- **TASK**:
Return only the stretch of the material below that begins with the line containing "Thermostat_Zone_0599100000766068: Heating Setpoint" and ends with the line containing "Until: 24:00, 21", exactly; both of those lines belong to it.

- **RECORDED INFORMATION**:
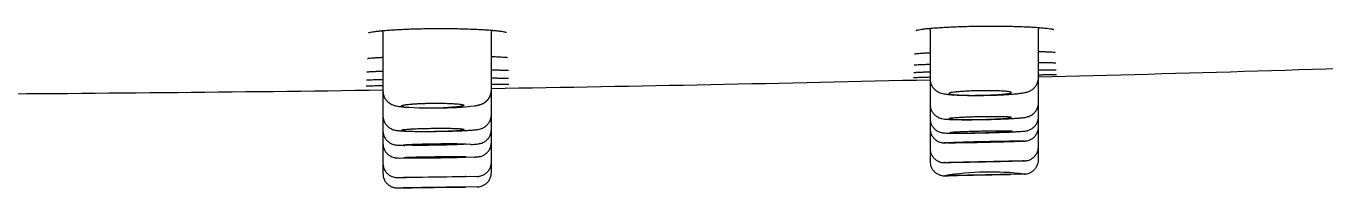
# Model space of a CAD drawing. Header units: millimetres. Extents: x 976 to 9349, y -1578 to 2211.
# Drawn here: x 4597.479 to 4602.03, y 661.601 to 662.167 of the extents above; entities that cross this region are included whole.
import ezdxf

# ---------------------------------------------------------------- set-up
doc = ezdxf.new("R2010")
doc.units = ezdxf.units.MM
doc.layers.add('Wbudowane', color=175, linetype='Continuous')

# ---------------------------------------------------------------- blocks, each defined once
blk = doc.blocks.new('Z$W@#21058')
for p, q in [((19.5272, 160.8545), (19.5272, 160.6494)), ((19.907, 160.6522), (19.907, 160.8555)), ((21.4441, 160.863), (21.4441, 160.6919)), ((21.8238, 160.6963), (21.8238, 160.865)), ((21.4441, 160.6919), (21.4441, 160.6026)), ((21.8238, 160.6082), (21.8238, 160.6963)), ((19.5272, 160.6494), (19.5272, 160.5626)), ((19.907, 160.5661), (19.907, 160.6522)), ((21.4441, 160.6026), (21.4441, 160.5532)), ((21.8238, 160.5597), (21.8238, 160.6082)), ((19.5272, 160.5626), (19.5272, 160.511)), ((19.907, 160.5148), (19.907, 160.5661)), ((21.4441, 160.5532), (21.4441, 160.5181)), ((21.8238, 160.5243), (21.8238, 160.5597)), ((19.5272, 160.511), (19.5272, 160.4657)), ((19.907, 160.5146), (19.907, 160.5148)), ((19.907, 160.4694), (19.907, 160.5145)), ((21.4441, 160.5181), (21.4441, 160.449)), ((21.8238, 160.4551), (21.8238, 160.5243)), ((19.5272, 160.4657), (19.5272, 160.397)), ((19.8346, 160.4625), (19.8175, 160.4638)), ((19.907, 160.4008), (19.907, 160.4694)), ((21.4441, 160.449), (21.4441, 160.4032)), ((21.8238, 160.4092), (21.8238, 160.4551)), ((19.5272, 160.397), (19.5272, 160.3606)), ((19.588, 160.415), (19.6424, 160.4152)), ((19.8472, 160.4186), (19.7658, 160.4168)), ((19.907, 160.3643), (19.907, 160.4008)), ((19.8563, 160.3506), (19.7832, 160.3492)), ((19.907, 160.3643), (19.907, 160.3643)), ((21.7743, 160.3591), (21.6887, 160.3575)), ((19.578, 160.3106), (19.5974, 160.3108)), ((19.5793, 160.3469), (19.5994, 160.3472)), ((19.8575, 160.3143), (19.7893, 160.3132))]:
    blk.add_line(p, q)
for centre, radius, start, end in [((19.4278, 160.8545), 0.0994, 359.995, 3.372), ((20.0064, 160.8556), 0.0994, 176.4873, 180.0059), ((19.9681, 160.8698), 0.0176, 238.0096, 240.8231), ((21.3445, 160.863), 0.0995, 359.9953, 3.0378), ((21.9234, 160.865), 0.0995, 176.5067, 180.0045), ((21.8863, 160.8798), 0.0178, 238.8909, 241.7702), ((16.9594, 349.0588), 188.4234, 271.479321, 271.946905), ((16.9594, 349.0588), 188.4234, 270.896343, 271.363818), ((16.9594, 349.0588), 188.4234, 270.313427, 270.780857), ((19.6993, 161.8324), 1.2425, 265.4164, 271.8644), ((19.7235, 161.6266), 1.0365, 269.7377, 277.023), ((21.6566, 159.3532), 1.0129, 83.2966, 99.1605), ((21.6566, 159.353), 1.013, 91.8433, 91.9617)]:
    blk.add_arc(centre, radius, start, end)
for centre, major_axis, ratio in [((19.7082, 160.4624), (0.1093, 0.0015), 0.025085), ((21.6209, 160.4707), (0.1093, 0.0024), 0.01388), ((21.6193, 160.4016), (0.1093, 0.0024), 0.006834), ((19.7087, 160.3487), (0.1093, 0.0015), 0.00652), ((21.6178, 160.3558), (0.1093, 0.0023), 0.001914), ((19.7067, 160.3123), (0.1093, 0.0015), 0.001773)]:
    blk.add_ellipse(centre, major_axis=major_axis, ratio=ratio)
for centre, major_axis, ratio, start_param, end_param in [((19.7095, 160.4173), (0.1095, 0.0015), 0.013794, 0.785181, 3.929148), ((19.7096, 160.4173), (-0.1093, -0.0015), 0.013602, 0.78521, 3.926802)]:
    blk.add_ellipse(centre, major_axis=major_axis, ratio=ratio, start_param=start_param, end_param=end_param)
for points, knots in [([(19.4766, 160.8529), (19.4766, 160.8529), (19.4773, 160.8532), (19.4806, 160.8541), (19.4874, 160.8555), (19.4976, 160.8571), (19.5107, 160.8587), (19.5265, 160.8603), (19.5447, 160.8618), (19.565, 160.8632), (19.5872, 160.8644), (19.6109, 160.8655), (19.636, 160.8664), (19.662, 160.867), (19.6887, 160.8675), (19.7157, 160.8677), (19.7428, 160.8677), (19.7696, 160.8674), (19.7958, 160.867), (19.821, 160.8663), (19.845, 160.8654), (19.8675, 160.8643), (19.8881, 160.8631), (19.9067, 160.8617), (19.923, 160.8603), (19.9366, 160.8587), (19.9473, 160.8572), (19.9549, 160.8558), (19.9577, 160.855), (19.9587, 160.8547)], [0, 0, 0, 0, 0.016585, 0.046648, 0.081277, 0.118213, 0.156185, 0.19462, 0.2334, 0.272304, 0.311296, 0.350268, 0.389383, 0.428416, 0.467489, 0.506577, 0.545625, 0.584686, 0.623774, 0.662845, 0.701803, 0.740853, 0.779775, 0.818566, 0.857159, 0.895286, 0.932607, 0.968077, 1, 1, 1, 1]), ([(21.3944, 160.861), (21.3944, 160.861), (21.395, 160.8612), (21.3981, 160.8621), (21.4049, 160.8635), (21.415, 160.8651), (21.4281, 160.8667), (21.4438, 160.8683), (21.462, 160.8698), (21.4823, 160.8712), (21.5045, 160.8725), (21.5283, 160.8736), (21.5534, 160.8745), (21.5795, 160.8753), (21.6062, 160.8758), (21.6333, 160.8761), (21.6605, 160.8762), (21.6873, 160.8761), (21.7136, 160.8757), (21.7389, 160.8751), (21.763, 160.8744), (21.7855, 160.8734), (21.8063, 160.8723), (21.8249, 160.8711), (21.8412, 160.8697), (21.8549, 160.8683), (21.8656, 160.8668), (21.8732, 160.8655), (21.876, 160.8648), (21.877, 160.8645)], [0, 0, 0, 0, 0.015427, 0.045393, 0.080028, 0.117036, 0.155082, 0.19361, 0.232463, 0.271441, 0.310521, 0.349566, 0.388756, 0.427864, 0.46701, 0.506162, 0.545279, 0.584405, 0.623555, 0.662689, 0.701709, 0.740824, 0.779809, 0.818673, 0.857343, 0.895541, 0.932944, 0.968532, 1, 1, 1, 1]), ([(19.4725, 160.763), (19.4725, 160.763), (19.4738, 160.7633), (19.4787, 160.7639), (19.4872, 160.7647), (19.4989, 160.7656), (19.5125, 160.7664), (19.5226, 160.7668), (19.5272, 160.7671)], [0, 0, 0, 0, 0.124713, 0.29005, 0.471801, 0.65981, 0.850404, 1, 1, 1, 1]), ([(19.907, 160.7697), (19.9117, 160.7696), (19.922, 160.7692), (19.9359, 160.7686), (19.948, 160.768), (19.957, 160.7673), (19.9607, 160.7669), (19.9621, 160.7667)], [0, 0, 0, 0, 0.169486, 0.386112, 0.599749, 0.808444, 1, 1, 1, 1]), ([(19.9621, 160.7667), (19.9622, 160.7667), (19.9623, 160.7667), (19.9626, 160.7666), (19.9628, 160.7666), (19.963, 160.7666), (19.9632, 160.7665), (19.9634, 160.7665), (19.9635, 160.7665), (19.9636, 160.7665), (19.9637, 160.7665), (19.9638, 160.7664), (19.9639, 160.7664), (19.9639, 160.7664), (19.9639, 160.7664), (19.9639, 160.7664), (19.9639, 160.7664)], [0, 0, 0, 0, 0.054816, 0.139825, 0.223496, 0.305595, 0.386042, 0.46476, 0.541674, 0.616715, 0.689818, 0.760927, 0.829994, 0.896983, 0.961868, 1, 1, 1, 1]), ([(21.3899, 160.7792), (21.3899, 160.7792), (21.391, 160.7794), (21.3955, 160.7799), (21.4036, 160.7807), (21.4151, 160.7815), (21.4287, 160.7822), (21.4391, 160.7827), (21.4441, 160.7829)], [0, 0, 0, 0, 0.109469, 0.274523, 0.457161, 0.646437, 0.838306, 1, 1, 1, 1]), ([(21.8238, 160.7872), (21.8289, 160.7871), (21.8395, 160.7869), (21.8538, 160.7865), (21.8661, 160.786), (21.8754, 160.7855), (21.8791, 160.7851), (21.8807, 160.785)], [0, 0, 0, 0, 0.174535, 0.389017, 0.600812, 0.808509, 1, 1, 1, 1]), ([(21.8807, 160.785), (21.8808, 160.785), (21.8809, 160.7849), (21.8812, 160.7849), (21.8814, 160.7849), (21.8816, 160.7849), (21.8819, 160.7848), (21.882, 160.7848), (21.8822, 160.7848), (21.8824, 160.7848), (21.8825, 160.7847), (21.8826, 160.7847), (21.8827, 160.7847), (21.8827, 160.7847), (21.8827, 160.7847), (21.8828, 160.7847), (21.8828, 160.7847), (21.8828, 160.7847)], [0, 0, 0, 0, 0.050858, 0.13171, 0.21137, 0.289613, 0.366354, 0.441508, 0.51499, 0.586719, 0.656617, 0.724612, 0.790641, 0.85465, 0.916597, 0.976454, 1, 1, 1, 1]), ([(19.4705, 160.7159), (19.4705, 160.7159), (19.4711, 160.716), (19.4741, 160.7164), (19.4808, 160.7168), (19.4908, 160.7174), (19.5036, 160.718), (19.5162, 160.7184), (19.5246, 160.7187), (19.5272, 160.7188)], [0, 0, 0, 0, 0.060237, 0.208984, 0.379483, 0.556977, 0.73713, 0.918127, 1, 1, 1, 1]), ([(19.907, 160.723), (19.9121, 160.7229), (19.9226, 160.7228), (19.9367, 160.7226), (19.9488, 160.7223), (19.958, 160.722), (19.9618, 160.7218), (19.9635, 160.7217)], [0, 0, 0, 0, 0.180561, 0.392312, 0.602083, 0.809045, 1, 1, 1, 1]), ([(19.9635, 160.7217), (19.9635, 160.7216), (19.9637, 160.7216), (19.964, 160.7216), (19.9643, 160.7216), (19.9646, 160.7216), (19.9648, 160.7216), (19.965, 160.7215), (19.9652, 160.7215), (19.9654, 160.7215), (19.9656, 160.7215), (19.9657, 160.7215), (19.9658, 160.7215), (19.9659, 160.7214), (19.966, 160.7214), (19.966, 160.7214), (19.9661, 160.7214), (19.9661, 160.7214), (19.9661, 160.7214)], [0, 0, 0, 0, 0.044175, 0.117748, 0.190417, 0.26199, 0.332379, 0.401492, 0.469233, 0.535503, 0.600202, 0.663229, 0.724491, 0.783897, 0.841368, 0.896837, 0.950251, 1, 1, 1, 1]), ([(21.3874, 160.714), (21.3874, 160.714), (21.3877, 160.714), (21.3901, 160.7142), (21.3963, 160.7146), (21.4057, 160.7151), (21.4182, 160.7155), (21.4313, 160.716), (21.4405, 160.7163), (21.4441, 160.7164)], [0, 0, 0, 0, 0.0366, 0.181746, 0.352363, 0.529859, 0.709618, 0.890235, 1, 1, 1, 1]), ([(21.3881, 160.7402), (21.3881, 160.7402), (21.3885, 160.7402), (21.3912, 160.7405), (21.3976, 160.741), (21.4073, 160.7415), (21.4199, 160.7421), (21.4326, 160.7425), (21.4412, 160.7428), (21.4441, 160.7429)], [0, 0, 0, 0, 0.0479555, 0.1952121, 0.3668278, 0.5457422, 0.7272573, 0.9096787, 1, 1, 1, 1]), ([(21.8238, 160.7487), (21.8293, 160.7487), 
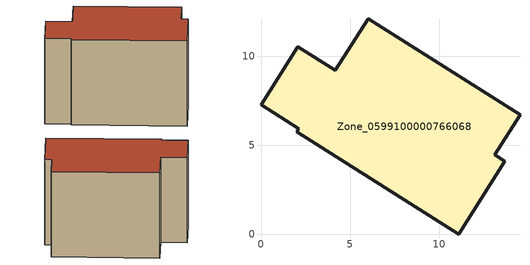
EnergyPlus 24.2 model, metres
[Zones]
Zone_0599100000766068
 floor ground (C_G): 6.01,12.1 14.54,6.7 13.12,4.46 13.69,4.1 11.09,0 2,5.75 2.11,5.93 0,7.27 2.06,10.53 4.17,9.19 z1.64
 wall outside (C_F): 2.11,5.93 2,5.75 11.09,0 13.69,4.1 13.12,4.46 14.54,6.7 6.01,12.1 4.17,9.19 2.06,10.53 0,7.27 2.11,5.93 z1.64:10.34
 roof outside (C_R): 2.06,10.53 0,7.27 2.11,5.93 2,5.75 11.09,0 13.69,4.1 13.12,4.46 14.54,6.7 6.01,12.1 4.17,9.19 z10.34
[BUILDING]
Pand.0599100000766068: North Axis=0; Terrain=City; Loads Convergence Tolerance Value=0.04; Temperature Convergence Tolerance Value=0.4; Solar Distribution=FullExterior; Maximum Number of Warmup Days=25; Minimum Number of Warmup Days=1
[Site:Location]
Rotterdam.The.Hague.AP_ZH_NLD Design_Conditions: Latitude=51.96; Longitude=4.45; Time Zone=1; Elevation=-4.5
[SITE:GROUNDTEMPERATURE:BUILDINGSURFACE]
18, 18, 18, 18, 18, 18, 18, 18, 18, 18, 18, 18
[MATERIAL] Thermal Absorptance=0.9; Solar Absorptance=0.7; Visible Absorptance=0.7
Name | Roughness | Thickness | Conductivity | Density | Specific Heat
G.TI.2006-2014 | MediumSmooth | 0.15 | 0.06 | 540 | 1210
F.TI.2006-2014 | Rough | 0.3 | 0.12 | 1920 | 840
R.TI.2006-2014 | MediumRough | 0.2 | 0.08 | 1500 | 1000
[CONSTRUCTION]
C_G: G.TI.2006-2014
C_F: F.TI.2006-2014
C_R: R.TI.2006-2014
[ZONE]
Zone_0599100000766068: Type=1; Multiplier=1; Ceiling Height=Autocalculate; Volume=Autocalculate; Floor Area=autocalculate; Part of Total Floor Area=Yes
[ZONEINFILTRATION:DESIGNFLOWRATE]
Infil_Zone_0599100000766068: Zone or ZoneList or Space or SpaceList=Zone_0599100000766068; Schedule=AlwaysOn; Design Flow Rate Calculation Method=Flow/Area; Flow Rate per Floor Area=0.0015; Constant Term Coefficient=1; Temperature Term Coefficient=0; Velocity Term Coefficient=0; Velocity Squared Term Coefficient=0
[HVACTEMPLATE:ZONE:IDEALLOADSAIRSYSTEM]
Zone_0599100000766068: Maximum Heating Supply Air Temperature=50; Minimum Cooling Supply Air Temperature=13; Maximum Heating Supply Air Humidity Ratio=0.0156; Minimum Cooling Supply Air Humidity Ratio=0.0077; Heating Limit=NoLimit; Cooling Limit=NoLimit; Dehumidification Control Type=ConstantSensibleHeatRatio; Cooling Sensible Heat Ratio=0.7; Dehumidification Setpoint=60; Humidification Control Type=None; Humidification Setpoint=30; Outdoor Air Method=None; Outdoor Air Flow Rate per Person=0.00944; Outdoor Air Flow Rate per Zone Floor Area=0; Outdoor Air Flow Rate per Zone=0; Demand Controlled Ventilation Type=None; Outdoor Air Economizer Type=NoEconomizer; Heat Recovery Type=None; Sensible Heat Recovery Effectiveness=0.7; Latent Heat Recovery Effectiveness=0.65
[ZONECONTROL:THERMOSTAT]
ThermostatControl_Zone_0599100000766068: Zone or ZoneList=Zone_0599100000766068; Control Type Schedule=DualSetpointControlType; Control 1=Thermostat_Zone_0599100000766068; Temperature Difference Between Cutout And Setpoint=0
[THERMOSTATSETPOINT:DUALSETPOINT]
Thermostat_Zone_0599100000766068: Heating Setpoint Temperature Schedule=HeatingSetpoint_Zone_0599100000766068; Cooling Setpoint Temperature Schedule=CoolingSetpoint_Zone_0599100000766068
[SCHEDULE:COMPACT]
HeatingSetpoint_Zone_0599100000766068: Through: 12/31, For: AllDays, Until: 24:00, 21
CoolingSetpoint_Zone_0599100000766068: Through: 12/31, For: AllDays, Until: 24:00, 24
DualSetpointControlType: Through: 12/31, For: AllDays, Until: 24:00, 4
AlwaysOn: Through: 12/31, For: AllDays, Until: 24:00, 1

- **WRITTEN ANSWER**:
Thermostat_Zone_0599100000766068: Heating Setpoint Temperature Schedule=HeatingSetpoint_Zone_0599100000766068; Cooling Setpoint Temperature Schedule=CoolingSetpoint_Zone_0599100000766068
[SCHEDULE:COMPACT]
HeatingSetpoint_Zone_0599100000766068: Through: 12/31, For: AllDays, Until: 24:00, 21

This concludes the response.